Mais la sauvagerie de la gorge s'adoucit, les deux murs de rochers s'abaissèrent, on fila entre des coteaux apaisés, aux pentes molles, semées de thyms et de lavandes. C'était le désert encore, des espace nus, verdâtres et violâtres, où la moindre brise roulait un âpre parfum. Puis, tout d'un coup, après un dernier détour, on descendit dans le vallon des Tulettes, que des sources rafraîchissaient. Au fond s'étendaient des prairies, coupées de grands arbres. Le village était à mi-côte, parmi des oliviers, et la bastide de Macquart, un peu écartée, se trouvait sur la gauche, en plein midi. Il fallut que le landau prit le chemin qui conduisait à l'Asile des Aliénés, dont on apercevait, en face, les murs blancs.
Le silence de Félicité s'était assombri, car elle n'aimait pas montrer l'oncle Macquart. Encore un dont la famille serait bien débarrassée, le jour où il s'en irait! Pour la gloire d'eux tous, il aurait dû dormir sous la terre depuis longtemps. Mais il s'entêtait, il portait ses quatre-vingt-trois ans en vieil ivrogne, saturé de boisson, que l'alcool semblait conserver. A Plassans, il avait une légende terrible de fainéant et de bandit, et les vieillards chuchotaient l'exécrable histoire des cadavres qu'il y avait entre lui et les Rougon, une trahison aux jours troublés de décembre 1851, un guet-apens dans lequel il avait laissé des camarades, le ventre ouvert, sur le pavé sanglant. Plus tard, quand il était rentré en France, il avait préféré, à la bonne place qu'il s'était fait promettre, ce petit domaine des Tulettes, que Félicité lui avait acheté. Et il y vivait grassement depuis lors, il n'avait plus eu que l'ambition de l'arrondir, guettant de nouveau les bons coups, ayant encore trouvé le moyen de se faire donner un champs longtemps convoité, en se rendant utile à sa belle-soeur, lorsque celle-ci avait dû reconquérir Plassans sur les légitimistes: une autre effroyable histoire qu'on se disait aussi à l'oreille, un fou lâché sournoisement de l'Asile, battant la nuit, courant à sa vengeance, incendiant sa propre maison, où flambaient quatre personnes. Mais c'étaient heureusement là des choses anciennes, et Macquart, rangé aujourd'hui, n'était plus le bandit inquiétant dont avait tremblé toute la famille. Il se montrait fort correct, d'une diplomatie finaude, n'ayant gardé que son rire goguenard qui avait l'air de se ficher du monde.

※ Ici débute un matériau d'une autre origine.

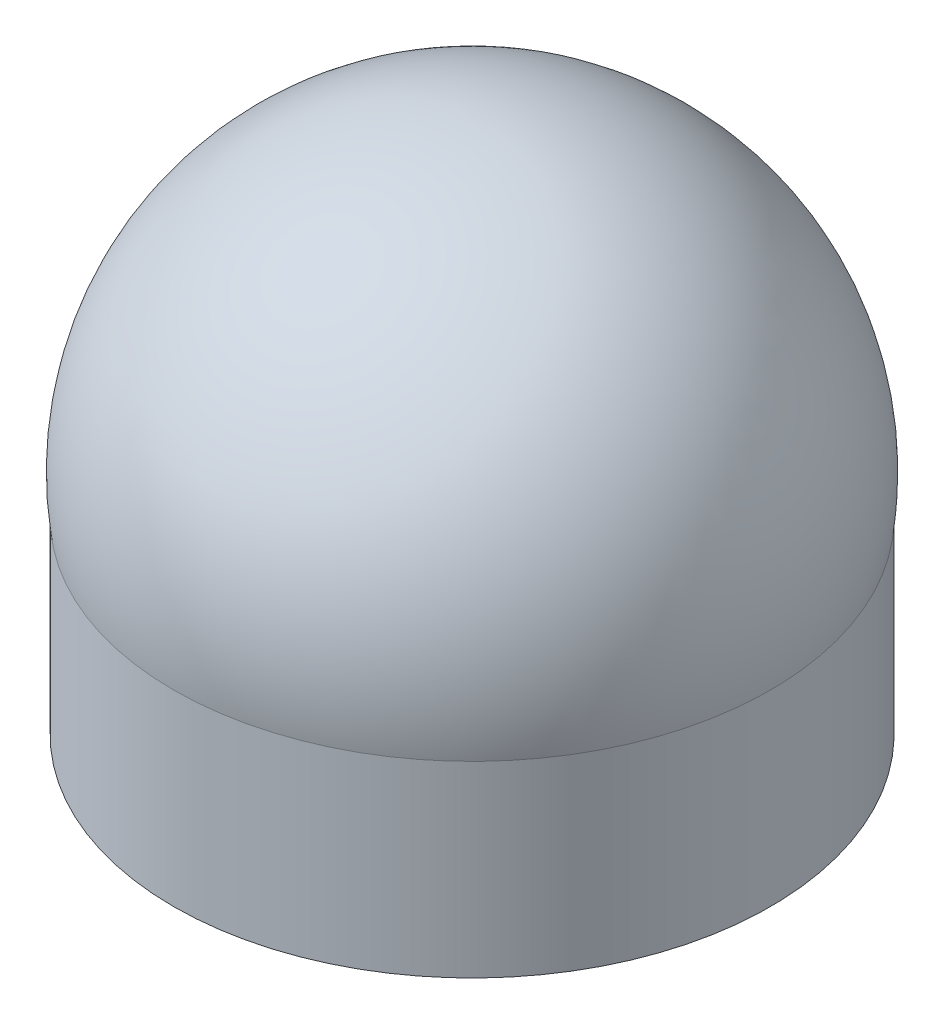
ISO-10303-21;
HEADER;
FILE_DESCRIPTION(('STEP AP214'),'2;1');
FILE_NAME('part.step','',(''),(''),'','','');
FILE_SCHEMA(('AUTOMOTIVE_DESIGN { 1 0 10303 214 1 1 1 1 }'));
ENDSEC;
DATA;
#1=APPLICATION_CONTEXT('core data for automotive mechanical design processes');
#2=APPLICATION_PROTOCOL_DEFINITION('international standard','automotive_design',2000,#1);
#3=PRODUCT_CONTEXT('',#1,'mechanical');
#4=PRODUCT('Part','Part','',(#3));
#5=PRODUCT_RELATED_PRODUCT_CATEGORY('part','',(#4));
#6=PRODUCT_DEFINITION_FORMATION('','',#4);
#7=PRODUCT_DEFINITION_CONTEXT('part definition',#1,'design');
#8=PRODUCT_DEFINITION('design','',#6,#7);
#9=PRODUCT_DEFINITION_SHAPE('','',#8);
#10=(LENGTH_UNIT() NAMED_UNIT(*) SI_UNIT(.MILLI.,.METRE.));
#11=(NAMED_UNIT(*) PLANE_ANGLE_UNIT() SI_UNIT($,.RADIAN.));
#12=(NAMED_UNIT(*) SI_UNIT($,.STERADIAN.) SOLID_ANGLE_UNIT());
#13=UNCERTAINTY_MEASURE_WITH_UNIT(LENGTH_MEASURE(1.E-05),#10,'distance_accuracy_value','');
#14=(GEOMETRIC_REPRESENTATION_CONTEXT(3) GLOBAL_UNCERTAINTY_ASSIGNED_CONTEXT((#13)) GLOBAL_UNIT_ASSIGNED_CONTEXT((#10,
#11,#12)) REPRESENTATION_CONTEXT('',''));
#15=CARTESIAN_POINT('',(0.,0.,0.));
#16=DIRECTION('',(0.,0.,1.));
#17=DIRECTION('',(1.,0.,0.));
#18=AXIS2_PLACEMENT_3D('',#15,#16,#17);
#19=CARTESIAN_POINT('',(0.,5.5,0.));
#20=DIRECTION('',(0.,-1.,0.));
#21=DIRECTION('',(0.,0.,-1.));
#22=AXIS2_PLACEMENT_3D('',#19,#20,#21);
#23=CYLINDRICAL_SURFACE('',#22,8.75);
#24=CARTESIAN_POINT('',(0.,5.5,0.));
#25=DIRECTION('',(0.,1.,0.));
#26=DIRECTION('',(0.,0.,1.));
#27=AXIS2_PLACEMENT_3D('',#24,#25,#26);
#28=CIRCLE('',#27,8.75);
#29=CARTESIAN_POINT('',(0.,5.5,8.75));
#30=VERTEX_POINT('',#29);
#31=EDGE_CURVE('E10',#30,#30,#28,.T.);
#32=ORIENTED_EDGE('',*,*,#31,.F.);
#33=EDGE_LOOP('',(#32));
#34=FACE_BOUND('',#33,.T.);
#35=CARTESIAN_POINT('',(0.,0.,0.));
#36=DIRECTION('',(0.,1.,0.));
#37=DIRECTION('',(0.,0.,1.));
#38=AXIS2_PLACEMENT_3D('',#35,#36,#37);
#39=CIRCLE('',#38,8.75);
#40=CARTESIAN_POINT('',(0.,0.,8.75));
#41=VERTEX_POINT('',#40);
#42=EDGE_CURVE('E40',#41,#41,#39,.T.);
#43=ORIENTED_EDGE('',*,*,#42,.T.);
#44=EDGE_LOOP('',(#43));
#45=FACE_BOUND('',#44,.T.);
#46=ADVANCED_FACE('F33',(#34,#45),#23,.T.);
#47=CARTESIAN_POINT('',(0.,6.671875,0.));
#48=DIRECTION('',(0.,0.,1.));
#49=DIRECTION('',(1.,0.,0.));
#50=AXIS2_PLACEMENT_3D('',#47,#48,#49);
#51=SPHERICAL_SURFACE('',#50,8.828125);
#52=CARTESIAN_POINT('',(0.,6.671875,0.));
#53=DIRECTION('',(0.,1.,0.));
#54=DIRECTION('',(0.,0.,1.));
#55=AXIS2_PLACEMENT_3D('',#52,#53,#54);
#56=SPHERICAL_SURFACE('',#55,8.828125);
#57=ORIENTED_EDGE('',*,*,#31,.T.);
#58=EDGE_LOOP('',(#57));
#59=FACE_BOUND('',#58,.T.);
#60=ADVANCED_FACE('F35',(#59),#56,.T.);
#61=CARTESIAN_POINT('',(0.,0.,0.));
#62=DIRECTION('',(0.,1.,0.));
#63=DIRECTION('',(0.,0.,1.));
#64=AXIS2_PLACEMENT_3D('',#61,#62,#63);
#65=PLANE('',#64);
#66=CARTESIAN_POINT('',(0.,0.,0.));
#67=DIRECTION('',(0.,1.,0.));
#68=DIRECTION('',(0.,0.,1.));
#69=AXIS2_PLACEMENT_3D('',#66,#67,#68);
#70=CIRCLE('',#69,6.75);
#71=CARTESIAN_POINT('',(0.,0.,6.75));
#72=VERTEX_POINT('',#71);
#73=EDGE_CURVE('E48',#72,#72,#70,.T.);
#74=ORIENTED_EDGE('',*,*,#73,.T.);
#75=EDGE_LOOP('',(#74));
#76=FACE_BOUND('',#75,.T.);
#77=ORIENTED_EDGE('',*,*,#42,.F.);
#78=EDGE_LOOP('',(#77));
#79=FACE_BOUND('',#78,.T.);
#80=ADVANCED_FACE('F54',(#76,#79),#65,.F.);
#81=CARTESIAN_POINT('',(0.,5.5,0.));
#82=DIRECTION('',(0.,-1.,0.));
#83=DIRECTION('',(0.,0.,-1.));
#84=AXIS2_PLACEMENT_3D('',#81,#82,#83);
#85=CYLINDRICAL_SURFACE('',#84,6.75);
#86=CARTESIAN_POINT('',(0.,5.64192790639519,0.));
#87=DIRECTION('',(0.,1.,0.));
#88=DIRECTION('',(0.,0.,1.));
#89=AXIS2_PLACEMENT_3D('',#86,#87,#88);
#90=CIRCLE('',#89,6.75);
#91=CARTESIAN_POINT('',(0.,5.64192790639519,6.75));
#92=VERTEX_POINT('',#91);
#93=EDGE_CURVE('E44',#92,#92,#90,.T.);
#94=ORIENTED_EDGE('',*,*,#93,.T.);
#95=EDGE_LOOP('',(#94));
#96=FACE_BOUND('',#95,.T.);
#97=ORIENTED_EDGE('',*,*,#73,.F.);
#98=EDGE_LOOP('',(#97));
#99=FACE_BOUND('',#98,.T.);
#100=ADVANCED_FACE('F57',(#96,#99),#85,.F.);
#101=CARTESIAN_POINT('',(0.,6.671875,0.));
#102=DIRECTION('',(0.,0.,1.));
#103=DIRECTION('',(1.,0.,0.));
#104=AXIS2_PLACEMENT_3D('',#101,#102,#103);
#105=SPHERICAL_SURFACE('',#104,6.828125);
#106=CARTESIAN_POINT('',(0.,6.671875,0.));
#107=DIRECTION('',(0.,1.,0.));
#108=DIRECTION('',(0.,0.,1.));
#109=AXIS2_PLACEMENT_3D('',#106,#107,#108);
#110=SPHERICAL_SURFACE('',#109,6.828125);
#111=ORIENTED_EDGE('',*,*,#93,.F.);
#112=EDGE_LOOP('',(#111));
#113=FACE_BOUND('',#112,.T.);
#114=ADVANCED_FACE('F59',(#113),#110,.F.);
#115=CLOSED_SHELL('',(#46,#60,#80,#100,#114));
#116=MANIFOLD_SOLID_BREP('B2',#115);
#117=ADVANCED_BREP_SHAPE_REPRESENTATION('',(#18,#116),#14);
#118=SHAPE_DEFINITION_REPRESENTATION(#9,#117);
ENDSEC;
END-ISO-10303-21;

– L'oncle est chez lui, dit Pascal, comme on approchait.
La bastide était une de ces constructions provençales, d'un seul étage, aux tuiles décolorées, les quatre murs violemment badigeonnés en jaune. Devant la façade attendait une étroite terrasse, que d'antiques mûriers, rabattus en forme de treille, allongeant et tordant leurs grosses branches, ombrageaient. C'était là que l'oncle fumait sa pipe, l'été. Et, en entendant la voiture, il était venu se planter au bord de la terrasse, redressant sa haute taille, vêtu proprement de drap bleu, coiffé de l'éternelle casquette de fourrure qu'il portait d'un bout de l'année à l'autre.
Quand il eut reconnu les visiteurs, il ricana, il cria:
– En voila de la belle société!.. Vous êtes bien gentils, vous allez vous rafraîchir.
Mais la présence de Maxime l'intriguait. Qui était-il? pour qui venait-il, celui-là? On le lui nomma, et tout de suite il arrêta les explications qu'on ajoutait, en voulant l'aider à se retrouver, au milieu de l'écheveau compliqué de la parenté.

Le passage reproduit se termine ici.